Clinical symptoms include severe abdominal pain, vomiting, and hypoglycemia following ingestion of fructose or other sugars metabolized through fructose-1-phosphate. Prolonged fructose ingestion in infants leads ultimately to hepatic and/or renal failure and death. Patients develop a strong distaste for sweet food, and can avoid a recurrence of symptoms chronic course of the disease by remaining on a fructose free diet.
HFI may be relatively mild or a very severe disease. In the severe form, even eliminating fructose and sucrose from the diet may not prevent progressive liver disease.
The early symptoms of fructose intolerance may resemble those of galactosemia: irritability, jaundice, vomiting, convulsions and an enlarged liver and spleen. Later problems relate more to liver disease.
Fructose is the sugar found naturally in fruits. Man-made fructose is used as a sweetener in many foods, including baby food and drinks. The worldwide incidence rate of HFI remains unknown due to the difficulty of HFI diagnosis. The condition is widespread, however, most cases have been reported in Europe and North America. It may be as common as 1 in 20,000
Enzyme studies and Liver function Tests are the main tests that confirm the diagnosis. Others include:
Genetic testing for fructose intolerance may be available.

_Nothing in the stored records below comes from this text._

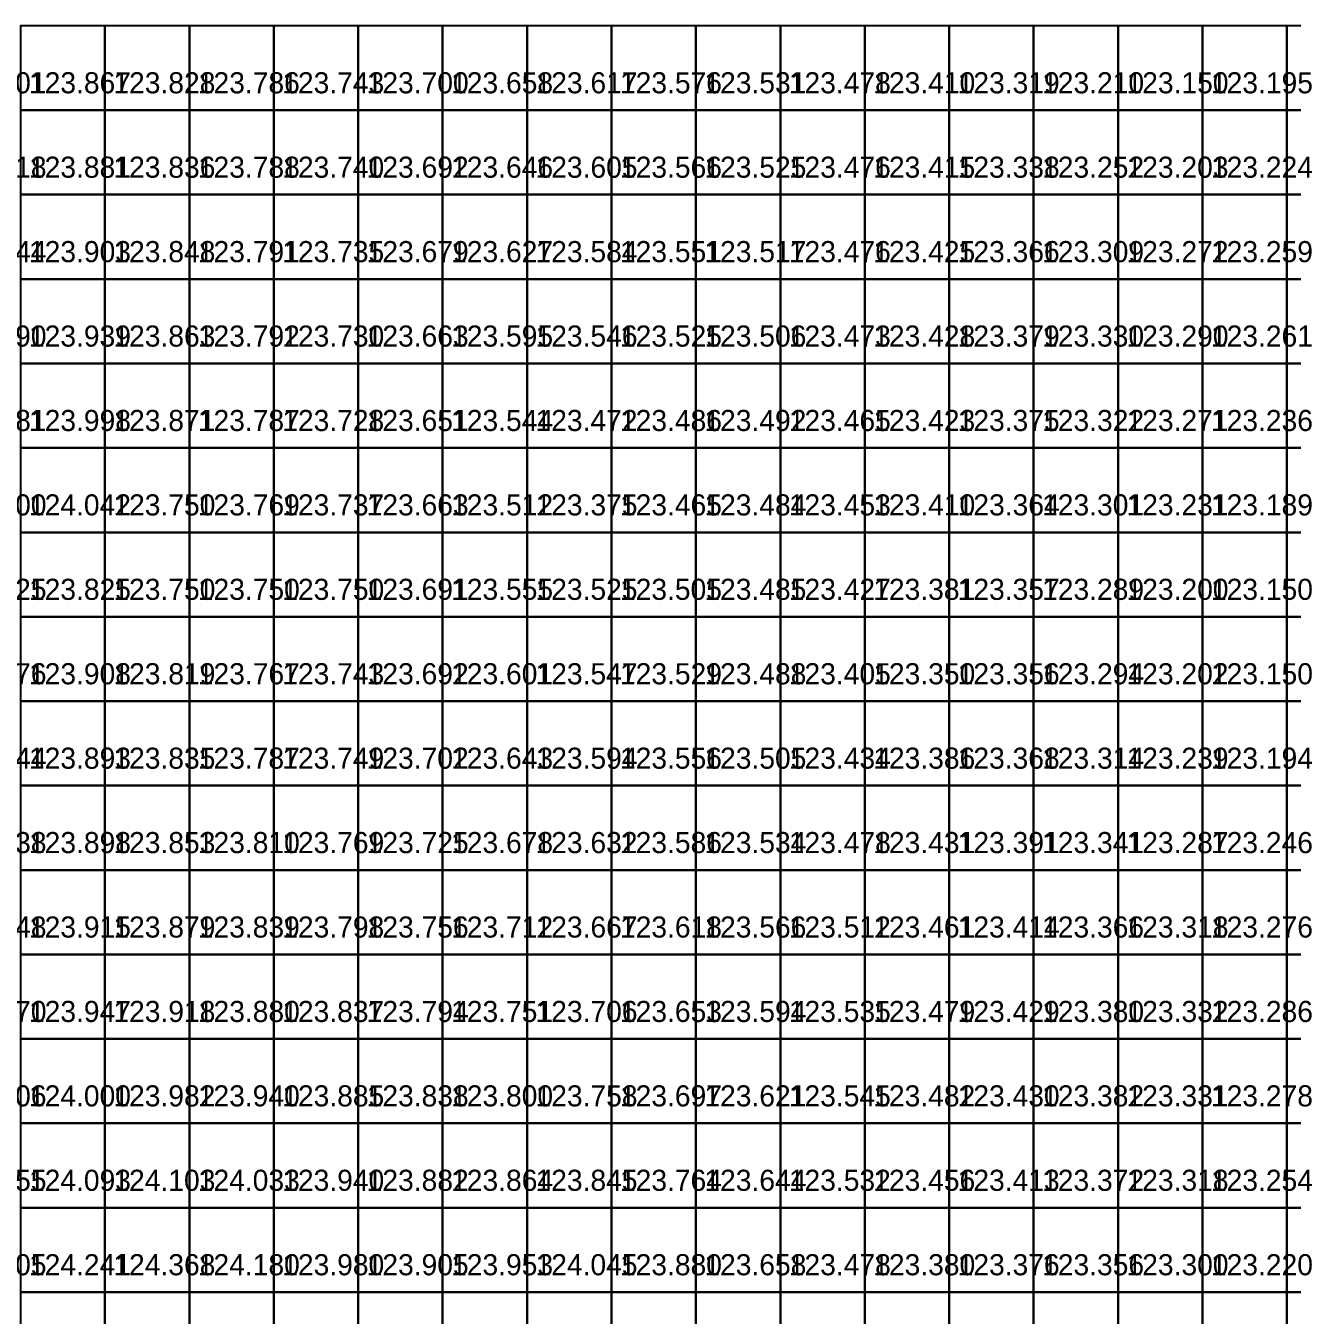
# Model space of a CAD drawing. Header units: metres. Extents: x 287857 to 287978, y 62957 to 63018.
# Drawn here: x 287947.99 to 287962.99, y 63002.56 to 63017.83 of the extents above; entities that cross this region are included whole.
import ezdxf

# ---------------------------------------------------------------- set-up
doc = ezdxf.new("R2010")
doc.units = ezdxf.units.M
for name, color, linetype, true_color in [('CIVILS-BARRIER', 7, 'Continuous', 0xf87171), ('CIVILS-INTERP', 7, 'Continuous', 0x64748b), ('CIVILS-LEVEL-TXT', 7, 'Continuous', 0x38bdf8), ('CIVILS-REAL', 7, 'Continuous', 0x38bdf8)]:
    doc.layers.add(name, color=color, linetype=linetype, true_color=true_color)

msp = doc.modelspace()

# ---------------------------------------------------------------- linework, layer by layer
at = {"layer": 'CIVILS-BARRIER'}
for points in [[(287948.925, 63011.831, 123.75), (287949.925, 63011.831, 123.75), (287949.925, 63012.831, 123.75), (287948.925, 63012.831, 123.75), (287948.925, 63011.831, 123.75)], [(287948.925, 63010.831, 123.75), (287949.925, 63010.831, 123.75), (287949.925, 63011.831, 123.75), (287948.925, 63011.831, 123.75), (287948.925, 63010.831, 123.75)]]:
    msp.add_polyline3d(points, dxfattribs=at)
at = {"layer": 'CIVILS-INTERP'}
for points in [[(287947.925, 63016.831, 123.867), (287948.925, 63016.831, 123.867), (287948.925, 63017.831, 123.867), (287947.925, 63017.831, 123.867), (287947.925, 63016.831, 123.867)], [(287948.925, 63016.831, 123.828), (287949.925, 63016.831, 123.828), (287949.925, 63017.831, 123.828), (287948.925, 63017.831, 123.828), (287948.925, 63016.831, 123.828)], [(287949.925, 63016.831, 123.786), (287950.925, 63016.831, 123.786), (287950.925, 63017.831, 123.786), (287949.925, 63017.831, 123.786), (287949.925, 63016.831, 123.786)], [(287950.925, 63016.831, 123.743), (287951.925, 63016.831, 123.743), (287951.925, 63017.831, 123.743), (287950.925, 63017.831, 123.743), (287950.925, 63016.831, 123.743)], [(287951.925, 63016.831, 123.7), (287952.925, 63016.831, 123.7), (287952.925, 63017.831, 123.7), (287951.925, 63017.831, 123.7), (287951.925, 63016.831, 123.7)], [(287952.925, 63016.831, 123.658), (287953.925, 63016.831, 123.658), (287953.925, 63017.831, 123.658), (287952.925, 63017.831, 123.658), (287952.925, 63016.831, 123.658)], [(287953.925, 63016.831, 123.617), (287954.925, 63016.831, 123.617), (287954.925, 63017.831, 123.617), (287953.925, 63017.831, 123.617), (287953.925, 63016.831, 123.617)], [(287954.925, 63016.831, 123.576), (287955.925, 63016.831, 123.576), (287955.925, 63017.831, 123.576), (287954.925, 63017.831, 123.576), (287954.925, 63016.831, 123.576)], [(287955.925, 63016.831, 123.531), (287956.925, 63016.831, 123.531), (287956.925, 63017.831, 123.531), (287955.925, 63017.831, 123.531), (287955.925, 63016.831, 123.531)], [(287956.925, 63016.831, 123.478), (287957.925, 63016.831, 123.478), (287957.925, 63017.831, 123.478), (287956.925, 63017.831, 123.478), (287956.925, 63016.831, 123.478)], [(287957.925, 63016.831, 123.41), (287958.925, 63016.831, 123.41), (287958.925, 63017.831, 123.41), (287957.925, 63017.831, 123.41), (287957.925, 63016.831, 123.41)], [(287958.925, 63016.831, 123.319), (287959.925, 63016.831, 123.319), (287959.925, 63017.831, 123.319), (287958.925, 63017.831, 123.319), (287958.925, 63016.831, 123.319)], [(287959.925, 63016.831, 123.21), (287960.925, 63016.831, 123.21), (287960.925, 63017.831, 123.21), (287959.925, 63017.831, 123.21), (287959.925, 63016.831, 123.21)], [(287961.925, 63016.831, 123.195), (287962.925, 63016.831, 123.195), (287962.925, 63017.831, 123.195), (287961.925, 63017.831, 123.195), (287961.925, 63016.831, 123.195)], [(287962.925, 63016.831, 123.248), (287963.925, 63016.831, 123.248), (287963.925, 63017.831, 123.248), (287962.925, 63017.831, 123.248), (287962.925, 63016.831, 123.248)], [(287947.925, 63015.831, 123.881), (287948.925, 63015.831, 123.881), (287948.925, 63016.831, 123.881), (287947.925, 63016.831, 123.881), (287947.925, 63015.831, 123.881)], [(287948.925, 63015.831, 123.836), (287949.925, 63015.831, 123.836), (287949.925, 63016.831, 123.836), (287948.925, 63016.831, 123.836), (287948.925, 63015.831, 123.836)], [(287949.925, 63015.831, 123.788), (287950.925, 63015.831, 123.788), (287950.925, 63016.831, 123.788), (287949.925, 63016.831, 123.788), (287949.925, 63015.831, 123.788)], [(287950.925, 63015.831, 123.74), (287951.925, 63015.831, 123.74), (287951.925, 63016.831, 123.74), (287950.925, 63016.831, 123.74), (287950.925, 63015.831, 123.74)], [(287951.925, 63015.831, 123.692), (287952.925, 63015.831, 123.692), (287952.925, 63016.831, 123.692), (287951.925, 63016.831, 123.692), (287951.925, 63015.831, 123.692)], [(287952.925, 63015.831, 123.646), (287953.925, 63015.831, 123.646), (287953.925, 63016.831, 123.646), (287952.925, 63016.831, 123.646), (287952.925, 63015.831, 123.646)], [(287953.925, 63015.831, 123.605), (287954.925, 63015.831, 123.605), (287954.925, 63016.831, 123.605), (287953.925, 63016.831, 123.605), (287953.925, 63015.831, 123.605)], [(287954.925, 63015.831, 123.566), (287955.925, 63015.831, 123.566), (287955.925, 63016.831, 123.566), (287954.925, 63016.831, 123.566), (287954.925, 63015.831, 123.566)], [(287955.925, 63015.831, 123.525), (287956.925, 63015.831, 123.525), (287956.925, 63016.831, 123.525), (287955.925, 63016.831, 123.525), (287955.925, 63015.831, 123.525)], [(287956.925, 63015.831, 123.476), (287957.925, 63015.831, 123.476), (287957.925, 63016.831, 123.476), (287956.925, 63016.831, 123.476), (287956.925, 63015.831, 123.476)], [(287957.925, 63015.831, 123.415), (287958.925, 63015.831, 123.415), (287958.925, 63016.831, 123.415), (287957.925, 63016.831, 123.415), (287957.925, 63015.831, 123.415)], [(287958.925, 63015.831, 123.338), (287959.925, 63015.831, 123.338), (287959.925, 63016.831, 123.338), (287958.925, 63016.831, 123.338), (287958.925, 63015.831, 123.338)], [(287959.925, 63015.831, 123.252), (287960.925, 63015.831, 123.252), (287960.925, 63016.831, 123.252), (287959.925, 63016.831, 123.252), (287959.925, 63015.831, 123.252)], [(287960.925, 63015.831, 123.203), (287961.925, 63015.831, 123.203), (287961.925, 63016.831, 123.203), (287960.925, 63016.831, 123.203), (287960.925, 63015.831, 123.203)], [(287961.925, 63015.831, 123.224), (287962.925, 63015.831, 123.224), (287962.925, 63016.831, 123.224), (287961.925, 63016.831, 123.224), (287961.925, 63015.831, 123.224)], [(287962.925, 63015.831, 123.249), (287963.925, 63015.831, 123.249), (287963.925, 63016.831, 123.249), (287962.925, 63016.831, 123.249), (287962.925, 63015.831, 123.249)], [(287947.925, 63014.831, 123.903), (287948.925, 63014.831, 123.903), (287948.925, 63015.831, 123.903), (287947.925, 63015.831, 123.903), (287947.925, 63014.831, 123.903)], [(287948.925, 63014.831, 123.848), (287949.925, 63014.831, 123.848), (287949.925, 63015.831, 123.848), (287948.925, 63015.831, 123.848), (287948.925, 63014.831, 123.848)], [(287949.925, 63014.831, 123.791), (287950.925, 63014.831, 123.791), (287950.925, 63015.831, 123.791), (287949.925, 63015.831, 123.791), (287949.925, 63014.831, 123.791)], [(287950.925, 63014.831, 123.735), (287951.925, 63014.831, 123.735), (287951.925, 63015.831, 123.735), (287950.925, 63015.831, 123.735), (287950.925, 63014.831, 123.735)], [(287951.925, 63014.831, 123.679), (287952.925, 63014.831, 123.679), (287952.925, 63015.831, 123.679), (287951.925, 63015.831, 123.679), (287951.925, 63014.831, 123.679)], [(287952.925, 63014.831, 123.627), (287953.925, 63014.831, 123.627), (287953.925, 63015.831, 123.627), (287952.925, 63015.831, 123.627), (287952.925, 63014.831, 123.627)], [(287953.925, 63014.831, 123.584), (287954.925, 63014.831, 123.584), (287954.925, 63015.831, 123.584), (287953.925, 63015.831, 123.584), (287953.925, 63014.831, 123.584)], [(287954.925, 63014.831, 123.551), (287955.925, 63014.831, 123.551), (287955.925, 63015.831, 123.551), (287954.925, 63015.831, 123.551), (287954.925, 63014.831, 123.551)], [(287955.925, 63014.831, 123.517), (287956.925, 63014.831, 123.517), (287956.925, 63015.831, 123.517), (287955.925, 63015.831, 123.517), (287955.925, 63014.831, 123.517)], [(287956.925, 63014.831, 123.476), (287957.925, 63014.831, 123.476), (287957.925, 63015.831, 123.476), (287956.925, 63015.831, 123.476), (287956.925, 63014.831, 123.476)], [(287957.925, 63014.831, 123.425), (287958.925, 63014.831, 123.425), (287958.925, 63015.831, 123.425), (287957.925, 63015.831, 123.425), (287957.925, 63014.831, 123.425)], [(287958.925, 63014.831, 123.366), (287959.925, 63014.831, 123.366), (287959.925, 63015.831, 123.366), (287958.925, 63015.831, 123.366), (287958.925, 63014.831, 123.366)], [(287959.925, 63014.831, 123.309), (287960.925, 63014.831, 123.309), (287960.925, 63015.831, 123.309), (287959.925, 63015.831, 123.309), (287959.925, 63014.831, 123.309)], [(287960.925, 63014.831, 123.272), (287961.925, 63014.831, 123.272), (287961.925, 63015.831, 123.272), (287960.925, 63015.831, 123.272), (287960.925, 63014.831, 123.272)], [(287961.925, 63014.831, 123.259), (287962.925, 63014.831, 123.259), (287962.925, 63015.831, 123.259), (287961.925, 63015.831, 123.259), (287961.925, 63014.831, 123.259)], [(287962.925, 63014.831, 123.25), (287963.925, 63014.831, 123.25), (287963.925, 63015.831, 123.25), (287962.925, 63015.831, 123.25), (287962.925, 63014.831, 123.25)], [(287947.925, 63013.831, 123.939), (287948.925, 63013.831, 123.939), (287948.925, 63014.831, 123.939), (287947.925, 63014.831, 123.939), (287947.925, 63013.831, 123.939)], [(287948.925, 63013.831, 123.863), (287949.925, 63013.831, 123.863), (287949.925, 63014.831, 123.863), (287948.925, 63014.831, 123.863), (287948.925, 63013.831, 123.863)], [(287949.925, 63013.831, 123.792), (287950.925, 63013.831, 123.792), (287950.925, 63014.831, 123.792), (287949.925, 63014.831, 123.792), (287949.925, 63013.831, 123.792)], [(287950.925, 63013.831, 123.73), (287951.925, 63013.831, 123.73), (287951.925, 63014.831, 123.73), (287950.925, 63014.831, 123.73), (287950.925, 63013.831, 123.73)], [(287951.925, 63013.831, 123.663), (287952.925, 63013.831, 123.663), (287952.925, 63014.831, 123.663), (287951.925, 63014.831, 123.663), (287951.925, 63013.831, 123.663)], [(287952.925, 63013.831, 123.595), (287953.925, 63013.831, 123.595), (287953.925, 63014.831, 123.595), (287952.925, 63014.831, 123.595), (287952.925, 63013.831, 123.595)], [(287953.925, 63013.831, 123.546), (287954.925, 63013.831, 123.546), (287954.925, 63014.831, 123.546), (287953.925, 63014.831, 123.546), (287953.925, 63013.831, 123.546)], [(287954.925, 63013.831, 123.525), (287955.925, 63013.831, 123.525), (287955.925, 63014.831, 123.525), (287954.925, 63014.831, 123.525), (287954.925, 63013.831, 123.525)], [(287955.925, 63013.831, 123.506), (287956.925, 63013.831, 123.506), (287956.925, 63014.831, 123.506), (287955.925, 63014.831, 123.506), (287955.925, 63013.831, 123.506)], [(287956.925, 63013.831, 123.473), (287957.925, 63013.831, 123.473), (287957.925, 63014.831, 123.473), (287956.925, 63014.831, 123.473), (287956.925, 63013.831, 123.473)], [(287957.925, 63013.831, 123.428), (287958.925, 63013.831, 123.428), (287958.925, 63014.831, 123.428), (287957.925, 63014.831, 123.428), (287957.925, 63013.831, 123.428)], [(287958.925, 63013.831, 123.379), (287959.925, 63013.831, 123.379), (287959.925, 63014.831, 123.379), (287958.925, 63014.831, 123.379), (287958.925, 63013.831, 123.379)], [(287959.925, 63013.831, 123.33), (287960.925, 63013.831, 123.33), (287960.925, 63014.831, 123.33), (287959.925, 63014.831, 123.33), (287959.925, 63013.831, 123.33)], [(287960.925, 63013.831, 123.29), (287961.925, 63013.831, 123.29), (287961.925, 63014.831, 123.29), (287960.925, 63014.831, 123.29), (287960.925, 63013.831, 123.29)], [(287961.925, 63013.831, 123.261), (287962.925, 63013.831, 123.261), (287962.925, 63014.831, 123.261), (287961.925, 63014.831, 123.261), (287961.925, 63013.831, 123.261)], [(287962.925, 63013.831, 123.237), (287963.925, 63013.831, 123.237), (287963.925, 63014.831, 123.237), (287962.925, 63014.831, 123.237), (287962.925, 63013.831, 123.237)], [(287947.925, 63012.831, 123.998), (287948.925, 63012.831, 123.998), (287948.925, 63013.831, 123.998), (287947.925, 63013.831, 123.998), (287947.925, 63012.831, 123.998)], [(287948.925, 63012.831, 123.871), (287949.925, 63012.831, 123.871), (287949.925, 63013.831, 123.871), (287948.925, 63013.831, 123.871), (287948.925, 63012.831, 123.871)], [(287949.925, 63012.831, 123.787), (287950.925, 63012.831, 123.787), (287950.925, 63013.831, 123.787), (287949.925, 63013.831, 123.787), (287949.925, 63012.831, 123.787)], [(287950.925, 63012.831, 123.728), (287951.925, 63012.831, 123.728), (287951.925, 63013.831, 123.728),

Complete elimination of fructose and sucrose from the diet is an effective treatment for most patients. Treatment of individual complications follows mainstream medical guidelines. For example, some patients can take medication to lower the level of uric acid in their blood and thereby decrease their risk for gout.
Absolute elimination of fructose and glucose produces good results in most children with fructose intolerance. A few children will go on to develop progressive liver disease. The prognosis depends on how soon the diagnosis is made and how soon fructose and sucrose can be eliminated from the baby's diet.
Call your health care provider if your child developed the above symptoms after you began feeding the child formula or solid food. The care of a medical specialist in biochemical genetics or metabolism is strongly recommended if your child has this disorder.
Preliminary evidence suggests that parents of a child with this disorder (as well as other carriers of the mutant gene) may be at increased risk for gout (arthritis caused by excess uric acid in the body and uric acid crystals in the joints). Therefore, it is important to notify your physician if you have a family history of hereditary fructose intolerance.
Genetic counselling may be of value to prospective parents with a family history of fructose intolerance. Most of the damaging effects of the disease can be prevented by strict adherence to a fructose-free diet.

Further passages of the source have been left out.